Task to carry out –
The expected answer is a verbatim transcription of the lines below, beginning with the first and ending with the line that holds "of L2.end L0.start", without pictures.
Segment Start: Data for review
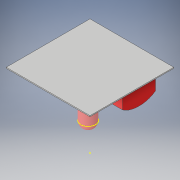
# Autodesk Inventor part: farmer
Saved by Autodesk Inventor 2018 (Build 220112000, 112)
## iProperties
Created: 2018-06-06
Part Number: farmer
Material: Generic
Document SubType Name: Modeling
Designer: 3400746
Density: 1 g/cm^3
Appearance: Default
Author: 3400746
Autodesk Inventor part; units mm, degrees
ref_plane "YZ Plane" through (0, 0, 0) normal (1, 0, 0) x (0, 1, 0)
ref_plane "XZ Plane" through (0, 0, 0) normal (0, 1, 0) x (-1, 0, 0)
sketch "Sketch1" plane through (0, 0, 0) normal (0, 1, 0) x (-1, 0, 0)
  line L0 (0, 0) -> (2159, 0)
  line L1 (2159, 0) -> (2159, -2159)
  line L2 (2159, -2159) -> (0, -2159)
  line L3 (0, -2159) -> (0, 0)
  dimension "d0" = 2159
  dimension "d1" = 2159
  dimension "d2" = 2159
  dimension "d3" = 2159
  constraints: 8 end point, 2 perpendicular, 1 horizontal
  measures "d0" distance of L0.start L0.end
  measures "d1" distance of L0.end L1.end
  measures "d2" distance of L1.end L2.end
  measures "d3" distance of L2.end L0.start
extrude "Extrusion1" add sketch "Sketch1" along normal blind 25.4
sketch "Sketch3" plane through (0, 0, 0) normal (0, -1, 0) x (1, 0, 0)
  line L0 (0, 0) -> (0, -2159) projected
  line L1 (0, -2159) -> (0, -1079.5)
  line L2 (0, -1079.5) -> (-241.3, -1079.5)
  line L3 (-241.3, -1079.5) -> (-241.3, -1930.4)
  line L4 (-241.3, -1930.4) -> (-1003.3, -1930.4)
  line L5 (-1003.3, -1930.4) -> (-1003.3, -1079.5)
  line L6 (-241.3, -1079.5) -> (-1003.3, -1079.5)
  dimension "d6" = 241.3
  dimension "d7" = 850.9
  dimension "d8" = 762
  dimension "d9" = 850.9
  constraints: 12 end point, 2 perpendicular, 1 horizontal, 1 midpoint, 1 vertical
  measures "d6" distance of L1.end L2.end
  measures "d7" distance of L2.end L3.end
  measures "d8" distance of L3.end L4.end
  measures "d9" distance of L4.end L5.end
extrude "Extrusion2" add sketch "Sketch3" along normal blind 508
sketch "Sketch4" plane through (-1003.3, 0, -1930.4) normal (-1, 0, 0) x (0, 0, 1)
  line L0 (0, 0) -> (0, -508) projected
  line L1 (0, -508) -> (425.45, -508)
  line L2 (0, -508) -> (850.9, -508) projected
  line L3 (425.45, -508) -> (425.45, -635)
  arc A0 (0, -508) -> (425.45, -635) centre (402.3685, 63.8059) ccw
  arc A1 (425.45, -635) -> (850.9, -508) centre (440.9735, 89.1252) ccw
  point P0 (1930.4, 0)
  dimension "d12" = 425.45
  dimension "d13" = 127
  constraints: 4 end point, 4 point on circle, 2 centre point, 1 midpoint, 1 perpendicular
  measures "d12" distance of L0.end L1.end
  measures "d13" distance of L1.end L3.end
extrude "Extrusion3" add sketch "Sketch4" against normal blind 762
sketch "Sketch5" plane through (-1003.3, 0, -1930.4) normal (-1, 0, 0) x (0, 0, 1)
  line L0 (0, 0) -> (0, -508) projected
  line L1 (0, 0) -> (425.45, 0)
  line L2 (0, 0) -> (850.9, 0) projected
  line L3 (425.45, 0) -> (425.45, -203.2)
  line L4 (425.45, -203.2) -> (298.45, -203.2)
  line L5 (298.45, -203.2) -> (298.45, 0)
  line L6 (425.45, -203.2) -> (552.45, -203.2)
  line L7 (552.45, -203.2) -> (552.45, 0)
  line L8 (552.45, 0) -> (425.45, 0)
  line L9 (425.45, -203.2) -> (438.15, -203.2)
  line L10 (438.15, -190.5) -> (539.75, -190.5)
  line L11 (539.75, -190.5) -> (539.75, -12.7)
  line L12 (539.75, -12.7) -> (438.15, -12.7)
  line L13 (438.15, -12.7) -> (438.15, -190.5)
  line L14 (412.75, -190.5) -> (311.15, -190.5)
  line L15 (311.15, -190.5) -> (311.15, -12.7)
  line L16 (311.15, -12.7) -> (412.75, -12.7)
  line L17 (412.75, -12.7) -> (412.75, -190.5)
  point P0 (1930.4, 0)
  dimension "d16" = 425.45
  dimension "d17" = 203.2
  dimension "d18" = 127
  dimension "d19" = 127
  dimension "d20" = 203.2
  dimension "d23" = 101.6
  dimension "d24" = 177.8
  dimension "d25" = 101.6
  dimension "d27" = 101.6
  dimension "d28" = 177.8
  dimension "d29" = 101.6
  dimension "d30" = 177.8
  constraints: 32 end point, 4 perpendicular, 4 point on line, 1 collinear, 1 horizontal, 1 midpoint, 1 parallel, 1 vertical
  measures "d16" distance of L0.start L1.end
  measures "d17" distance of L1.end L3.end
  measures "d18" distance of L3.end L4.end
  measures "d19" distance of L3.end L6.end
  measures "d20" distance of L6.end L7.end
  measures "d23" distance of L10.start L10.end
  measures "d24" distance of L10.end L11.end
  measures "d25" distance of L11.end L12.end
  measures "d27" distance of L14.start L14.end
  measures "d28" distance of L14.end L15.end
  measures "d29" distance of L15.end L16.end
  measures "d30" distance of L16.end L14.start
extrude "Extrusion4" add sketch "Sketch5" along normal blind 2.54
sketch "Sketch6" plane through (-1003.3, -190.5, -1492.25) normal (-1, 0, 0) x (0, 0, 1)
  line L0 (0, 0) -> (101.6, 0) projected
  line L1 (101.6, 0) -> (93.98, 0)
  line L2 (101.6, 177.8) -> (0, 177.8) projected
  line L3 (0, 177.8) -> (0, 170.18)
  line L4 (0, 177.8) -> (0, 0) projected
  line L5 (0, 170.18) -> (93.98, 0)
  line L6 (101.6, 177.8) -> (101.6, 0) projected
  line L7 (101.6, 0) -> (101.6, 7.62)
  line L8 (0, 177.8) -> (7.62, 177.8)
  line L9 (7.62, 177.8) -> (101.6, 7.62)
  line L10 (0, 0) -> (7.62, 0)
  line L11 (0, 0) -> (0, 7.62)
  line L12 (101.6, 177.8) -> (93.98, 177.8)
  line L13 (101.6, 177.8) -> (101.6, 170.18)
  line L14 (93.98, 177.8) -> (50.8, 99.6092)
  line L15 (44.886, 88.9) -> (0, 7.62)
  line L16 (7.62, 0) -> (50.8, 78.1908)
  line L17 (56.714, 88.9) -> (101.6, 170.18)
  line L18 (-25.4, 0) -> (-127, 0) projected
  line L19 (-25.4, 0) -> (-33.02, 0)
  line L20 (-25.4, 0) -> (-25.4, 7.62)
  line L21 (-25.4, 0) -> (-25.4, 177.8) projected
  line L22 (-127, 176.3789) -> (-127, 168.7589)
  line L23 (-127, 177.8) -> (-127, 0) projected
  line L24 (-127, 177.8) -> (-119.38, 177.8)
  line L25 (-127, 177.8) -> (-25.4, 177.8) projected
  line L26 (-127, 0) -> (-127, 7.62)
  line L27 (-127, 0) -> (-119.38, 0)
  line L28 (-25.4, 177.8) -> (-25.4, 170.18)
  line L29 (-25.4, 177.8) -> (-33.02, 177.8)
  line L30 (-33.02, 177.8) -> (-127, 7.62)
  line L31 (-119.38, 0) -> (-25.4, 170.18)
  line L32 (-127, 168.7589) -> (-82.3199, 88.5273)
  line L33 (-76.381, 77.863) -> (-33.02, 0)
  line L34 (-76.2, 99.6092) -> (-119.38, 177.8)
  line L35 (-70.286, 88.9) -> (-25.4, 7.62)
  point P0 (1492.25, 190.5)
  dimension "d33" = 7.62
  dimension "d34" = 7.62
  dimension "d35" = 7.62
  dimension "d36" = 7.62
  dimension "d37" = 7.62
  dimension "d38" = 7.62
  dimension "d39" = 7.62
  dimension "d40" = 7.62
  dimension "d41" = 7.62
  dimension "d42" = 7.62
  dimension "d43" = 7.62
  dimension "d44" = 7.62
  constraints: 56 end point, 24 point on line
  measures "d33" distance of L0.end L1.end
  measures "d34" distance of L2.end L3.end
  measures "d35" distance of L0.end L7.end
  measures "d36" distance of L2.end L8.end
  measures "d37" distance of L0.start L11.end
  measures "d38" distance of L18.start L19.end
  measures "d39" distance of L18.start L20.end
  measures "d40" distance of L22.start L22.end
  measures "d41" distance of L23.start L24.end
  measures "d42" distance of L18.end L27.end
  measures "d43" distance of L21.end L28.end
  measures "d44" distance of L21.end L29.end
extrude "Extrusion5" add sketch "Sketch6" along normal blind 2.54 contours L4 L15 L5 L16 L0 | L5 L3 L2 L9 L6 L0 | L17 L9 L14 L2 L6 | L18 L33 L31 L35 L20 | L18 L23 L30 L25 L21 L31 | L22 L23 L24 L34 L30 L32
sketch "Sketch7" plane through (0, 0, 0) normal (0, -1, 0) x (1, 0, 0)
  line L0 (0, -2159) -> (0, 0) projected
  line L1 (0, 0) -> (0, -711.2)
  line L2 (0, -711.2) -> (-762, -711.2)
  circle A0 centre (-762, -711.2) radius 190.5
  dimension "d47" = 711.2
  dimension "d48" = 762
  dimension "d49" = 381
  constraints: 4 end point, 1 centre point, 1 coincident, 1 perpendicular, 1 point on line
  measures "d47" distance of L0.end L1.end
  measures "d48" distance of L1.end L2.end
  measures "d49" diameter of A0
extrude "Extrusion6" add sketch "Sketch7" along normal blind 812.8
sketch "Sketch8" plane through (-762, -812.8, -711.2) normal (0, -1, 0) x (1, 0, 0)
  line L0 (0, 0) -> (0, -190.5)
  circle A0 centre (0, 0) radius 190.5 projected
  point P0 (762, 711.2)
  constraints: 2 end point, 1 vertical, 1 vertical alignment, 1 other
ref_plane "Work Plane1" through (-762, -812.8, -711.2) normal (-1, 0, 0) x (0, 0, -1)
sketch "Sketch9" plane through (-762, -812.8, -711.2) normal (-1, 0, 0) x (0, 0, -1)
  line L0 (190.5, 0) -> (-190.5, 0) projected
  line L1 (0, 0) -> (0, 177.8)
  arc A0 (190.5, 0) -> (0, 177.8) centre (4.6676, -8.1525) ccw
  arc A1 (0, 177.8) -> (-190.5, 0) centre (13.9606, -28.1113) ccw
  point P0 (-711.2, -812.8)
  dimension "d53" = 177.8
  constraints: 4 point on circle, 2 centre point, 2 end point, 1 midpoint, 1 vertical
  measures "d53" distance of L1.start L1.end
revolve "Revolution1" add sketch "Sketch9" angle 360 about axis through (-762, -812.8, -711.2) along (0, -1, 0) contours L0 L1 A0
sketch "Sketch10" plane through (0, 0, 0) normal (0, -1, 0) x (1, 0, 0)
  line L0 (-2159, 0) -> (-2159, -2159) projected
  line L1 (-2159, 0) -> (-1905, 0)
  line L2 (-2159, 0) -> (0, 0) projected
  line L3 (-1905, 0) -> (-1905, -254)
  line L4 (-1905, -254) -> (-1270, -254)
  line L5 (-1270, -254) -> (-1270, -1397)
  line L6 (-1270, -1397) -> (-1905, -1397)
  line L7 (-1905, -1397) -> (-1905, -254)
  dimension "d55" = 254
  dimension "d56" = 254
  dimension "d57" = 635
  dimension "d59" = 1143
  dimension "d60" = 635
  constraints: 12 end point, 3 perpendicular, 1 point on line, 1 vertical
  measures "d55" distance of L0.start L1.end
  measures "d56" distance of L1.end L3.end
  measures "d57" distance of L3.end L4.end
  measures "d59" distance of L4.end L5.end
  measures "d60" distance of L5.end L6.end
extrude "Extrusion7" add sketch "Sketch10" along normal blind 2.54
sketch "Sketch11" plane through (0, -2.54, 0) normal (0, -1, 0) x (1, 0, 0)
  line L0 (-1270, -254) -> (-1905, -254) projected
  line L1 (-1270, -254) -> (-1270, -381)
  line L2 (-1270, -381) -> (-1270, -508)
  line L3 (-1270, -1397) -> (-1270, -254) projected
  line L4 (-1270, -508) -> (-1270, -635)
  line L5 (-1270, -635) -> (-1270, -762)
  line L6 (-1270, -762) -> (-1270, -889)
  line L7 (-1270, -889) -> (-1270, -1016)
  line L8 (-1270, -1016) -> (-1270, -1143)
  line L9 (-1270, -1143) -> (-1270, -1270)
  line L10 (-1270, -1270) -> (-1270, -1397)
  line L11 (-1270, -381) -> (-1905, -381)
  line L12 (-1270, -508) -> (-1905, -508)
  line L13 (-1905, -254) -> (-1905, -1397) projected
  line L14 (-1270, -635) -> (-1905, -635)
  line L15 (-1270, -762) -> (-1905, -762)
  line L16 (-1270, -889) -> (-1905, -889)
  line L17 (-1270, -1016) -> (-1905, -1016)
  line L18 (-1270, -1143) -> (-1905, -1143)
  line L19 (-1270, -1270) -> (-1905, -1270)
  line L20 (-1270, -254) -> (-1397, -254)
  line L21 (-1397, -254) -> (-1397, -1397)
  line L22 (-1397, -254) -> (-1524, -254)
  line L23 (-1524, -254) -> (-1524, -1397)
  line L24 (-1524, -254) -> (-1651, -254)
  line L25 (-1651, -254) -> (-1778, -254)
  line L26 (-1778, -254) -> (-1905, -254)
  line L27 (-1651, -254) -> (-1651, -1397)
  line L28 (-1778, -254) -> (-1778, -1397)
  circle A0 centre (-1397, -381) radius 6.35
  circle A1 centre (-1397, -508) radius 6.35
  circle A2 centre (-1397, -635) radius 6.35
  circle A3 centre (-1397, -762) radius 6.35
  circle A4 centre (-1397, -889) radius 6.35
  circle A5 centre (-1397, -1016) radius 6.35
  circle A6 centre (-1397, -1143) radius 6.35
  circle A7 centre (-1397, -1270) radius 6.35
  circle A8 centre (-1524, -1270) radius 6.35
  circle A9 centre (-1651, -1270) radius 6.35
  circle A10 centre (-1778, -1270) radius 6.35
  circle A11 centre (-1778, -1143) radius 6.35
  circle A12 centre (-1778, -1016) radius 6.35
  circle A13 centre (-1778, -889) radius 6.35
  circle A14 centre (-1778, -762) radius 6.35
  circle A15 centre (-1778, -635) radius 6.35
  circle A16 centre (-1778, -508) radius 6.35
  circle A17 centre (-1778, -381) radius 6.35
  circle A18 centre (-1651, -381) radius 6.35
  circle A19 centre (-1524, -381) radius 6.35
  circle A20 centre (-1524, -508) radius 6.35
  circle A21 centre (-1651, -508) radius 6.35
  circle A22 centre (-1524, -635) radius 6.35
  circle A23 centre (-1651, -635) radius 6.35
  circle A24 centre (-1524, -762) radius 6.35
  circle A25 centre (-1651, -762) radius 6.35
  circle A26 centre (-1524, -889) radius 6.35
  circle A27 centre (-1524, -1016) radius 6.35
  circle A28 centre (-1651, -889) radius 6.35
  circle A29 centre (-1651, -1016) radius 6.35
  circle A30 centre (-1524, -1143) radius 6.35
  circle A31 centre (-1651, -1143) radius 6.35
  point P0 (0, 0)
  dimension "d63" = 127
  dimension "d66" = 127
  dimension "d67" = 127
  dimension "d68" = 127
  dimension "d69" = 127
  dimension "d70" = 127
  dimension "d71" = 127
  dimension "d72" = 127
  dimension "d73" = 127
  dimension "d74" = 127
  dimension "d75" = 127
  dimension "d77" = 1143
  dimension "d78" = 127
  dimension "d79" = 127
  dimension "d80" = 127
  dimension "d81" = 1143
  dimension "d82" = 1143
  dimension "d83" = 12.7
  dimension "d84" = 12.7
  dimension "d85" = 12.7
  dimension "d86" = 12.7
  dimension "d87" = 12.7
  dimension "d88" = 12.7
  dimension "d89" = 12.7
  dimension "d90" = 12.7
  dimension "d91" = 12.7
  dimension "d92" = 12.7
  dimension "d93" = 12.7
  dimension "d94" = 12.7
  dimension "d95" = 12.7
  dimension "d96" = 12.7
  dimension "d97" = 12.7
  dimension "d98" = 12.7
  dimension "d99" = 12.7
  dimension "d100" = 12.7
  dimension "d101" = 12.7
  dimension "d102" = 12.7
  dimension "d103" = 12.7
  dimension "d104" = 12.7
  dimension "d105" = 12.7
  dimension "d106" = 12.7
  dimension "d107" = 12.7
  dimension "d108" = 12.7
  dimension "d109" = 12.7
  dimension "d110" = 12.7
  dimension "d111" = 12.7
  dimension "d112" = 12.7
  dimension "d113" = 12.7
  dimension "d114" = 12.7
  constraints: 44 end point, 36 point on line, 32 centre point, 11 horizontal, 2 collinear, 60 other
  measures "d63" distance of L0.start L1.end
  measures "d66" distance of L1.end L2.end
  measures "d67" distance of L2.end L4.end
  measures "d68" distance of L4.end L5.end
  measures "d69" distance of L5.end L6.end
  measures "d70" distance of L6.end L7.end
  measures "d71" distance of L7.end L8.end
  measures "d72" distance of L8.end L9.end
  measures "d73" distance of L9.end L10.end
  measures "d74" distance of L0.start L20.end
  measures "d75" distance of L20.end L22.end
  measures "d77" distance of L22.end point (-1524, -1397)
  measures "d78" distance of L22.end L24.end
  measures "d79" distance of L24.end L25.end
  measures "d80" distance of L25.end L0.end
  measures "d81" distance of L24.end point (-1651, -1397)
  measures "d82" distance of L25.end point (-1778, -1397)
  measures "d83" diameter of A0
  measures "d84" diameter of A1
  measures "d85" diameter of A2
  measures "d86" diameter of A3
  measures "d87" diameter of A4
  measures "d88" diameter of A5
  measures "d89" diameter of A6
  measures "d90" diameter of A7
  measures "d91" diameter of A8
  measures "d92" diameter of A9
  measures "d93" diameter of A10
  measures "d94" diameter of A11
  measures "d95" diameter of A12
  measures "d96" diameter of A13
  measures "d97" diameter of A14
  measures "d98" diameter of A15
  measures "d99" diameter of A16
  measures "d100" diameter of A17
  measures "d101" diameter of A18
  measures "d102" diameter of A19
  measures "d103" diameter of A20
  measures "d104" diameter of A21
  measures "d105" diameter of A22
  measures "d106" diameter of A23
  measures "d107" diameter of A24
  measures "d108" diameter of A25
  measures "d109" diameter of A26
  measures "d110" diameter of A27
  measures "d111" diameter of A28
  measures "d112" diameter of A29
  measures "d113" diameter of A30
  measures "d114" diameter of A31
extrude "Extrusion8" add sketch "Sketch11" along normal blind 76.2 contours A0 L11 L21 | L21 L11 A0 | A0 L21 L11 | A19 L11 L23 | L23 L11 A19 | L21 A0 L11 | A1 L21 L12 | L12 L21 A1 | A18 L11 L27 | L27 L11 A18 | L23 A19 L11 | L11 A19 L23 | A2 L21 L14 | L14 L21 A2 | L21 A1 L12 | L12 A1 L21 | A17 L11 L28 | L28 L11 A17 | L27 A18 L11 | L11 A18 L27 | A3 L21 L15 | L15 L21 A3 | L21 A2 L14 | L14 A2 L21 | L28 A17 L11 | L11 A17 L28 | A20 L12 L23 | L23 L12 A20 | A4 L21 L16 | L16 L21 A4 | L21 A3 L15 | L15 A3 L21 | A20 L23 L12 | A21 L12 L27 | L27 L12 A21 | L23 A20 L12 | A5 L21 L17 | L17 L21 A5 | L21 A4 L16 | L16 A4 L21 | A22 L23 L14 | L14 L23 A22 | A16 L28 L12 | L12 L28 A16 | A16 L12 L28 | L27 A21 L12 | L12 A21 L27 | A6 L21 L18 | L18 L21 A6 | L21 A5 L17 | L17 A5 L21 | A24 L23 L15 | L15 L23 A24 | L23 A22 L14 | L14 A22 L23 | L12 A16 L28 | A15 L28 L14 | L14 L28 A15 | A7 L21 L19 | L19 L21 A7 | L21 A6 L18 | L18 A6 L21 | A26 L23 L16 | L16 L23 A26 | L23 A24 L15 | L15 A24 L23 | A15 L14 L28 | A14 L28 L15 | L15 L28 A14 | L14 A15 L28 | A23 L14 L27 | L27 L14 A23 | L21 A7 L19 | L19 A7 L21 | A27 L23 L17 | L17 L23 A27 | L23 A26 L16 | L16 A26 L23 | A23 L27 L14 | A13 L28 L16 | L16 L28 A13 | L28 A14 L15 | L15 A14 L28 | L27 A23 L14 | A30 L23 L18 | L18 L23 A30 | L23 A27 L17 | L17 A27 L23 | A25 L27 L15 | L15 L27 A25 | A12 L28 L17 | L17 L28 A12 | L28 A13 L16 | L16 A13 L28 | A8 L23 L19 | L19 L23 A8 | L23 A30 L18 | L18 A30 L23 | A28 L27 L16 | L16 L27 A28 | L27 A25 L15 | L15 A25 L27 | A11 L28 L18 | L18 L28 A11 | L28 A12 L17 | L17 A12 L28 | L23 A8 L19 | L19 A8 L23 | A29 L27 L17 | L17 L27 A29 | L27 A28 L16 | L16 A28 L27 | A10 L28 L19 | L19 L28 A10 | L28 A11 L18 | L18 A11 L28 | A31 L27 L18 | L18 L27 A31 | L27 A29 L17 | L17 A29 L27 | L28 A10 L19 | L19 A10 L28 | A9 L27 L19 | L19 L27 A9 | L27 A31 L18 | L18 A31 L27 | L27 A9 L19 | L19 A9 L27
body "Solid1"
Segment End: Data for review
Response for this exercise –
# Autodesk Inventor part: farmer
Saved by Autodesk Inventor 2018 (Build 220112000, 112)
## iProperties
Created: 2018-06-06
Part Number: farmer
Material: Generic
Document SubType Name: Modeling
Designer: 3400746
Density: 1 g/cm^3
Appearance: Default
Author: 3400746
Autodesk Inventor part; units mm, degrees
ref_plane "YZ Plane" through (0, 0, 0) normal (1, 0, 0) x (0, 1, 0)
ref_plane "XZ Plane" through (0, 0, 0) normal (0, 1, 0) x (-1, 0, 0)
sketch "Sketch1" plane through (0, 0, 0) normal (0, 1, 0) x (-1, 0, 0)
  line L0 (0, 0) -> (2159, 0)
  line L1 (2159, 0) -> (2159, -2159)
  line L2 (2159, -2159) -> (0, -2159)
  line L3 (0, -2159) -> (0, 0)
  dimension "d0" = 2159
  dimension "d1" = 2159
  dimension "d2" = 2159
  dimension "d3" = 2159
  constraints: 8 end point, 2 perpendicular, 1 horizontal
  measures "d0" distance of L0.start L0.end
  measures "d1" distance of L0.end L1.end
  measures "d2" distance of L1.end L2.end
  measures "d3" distance of L2.end L0.start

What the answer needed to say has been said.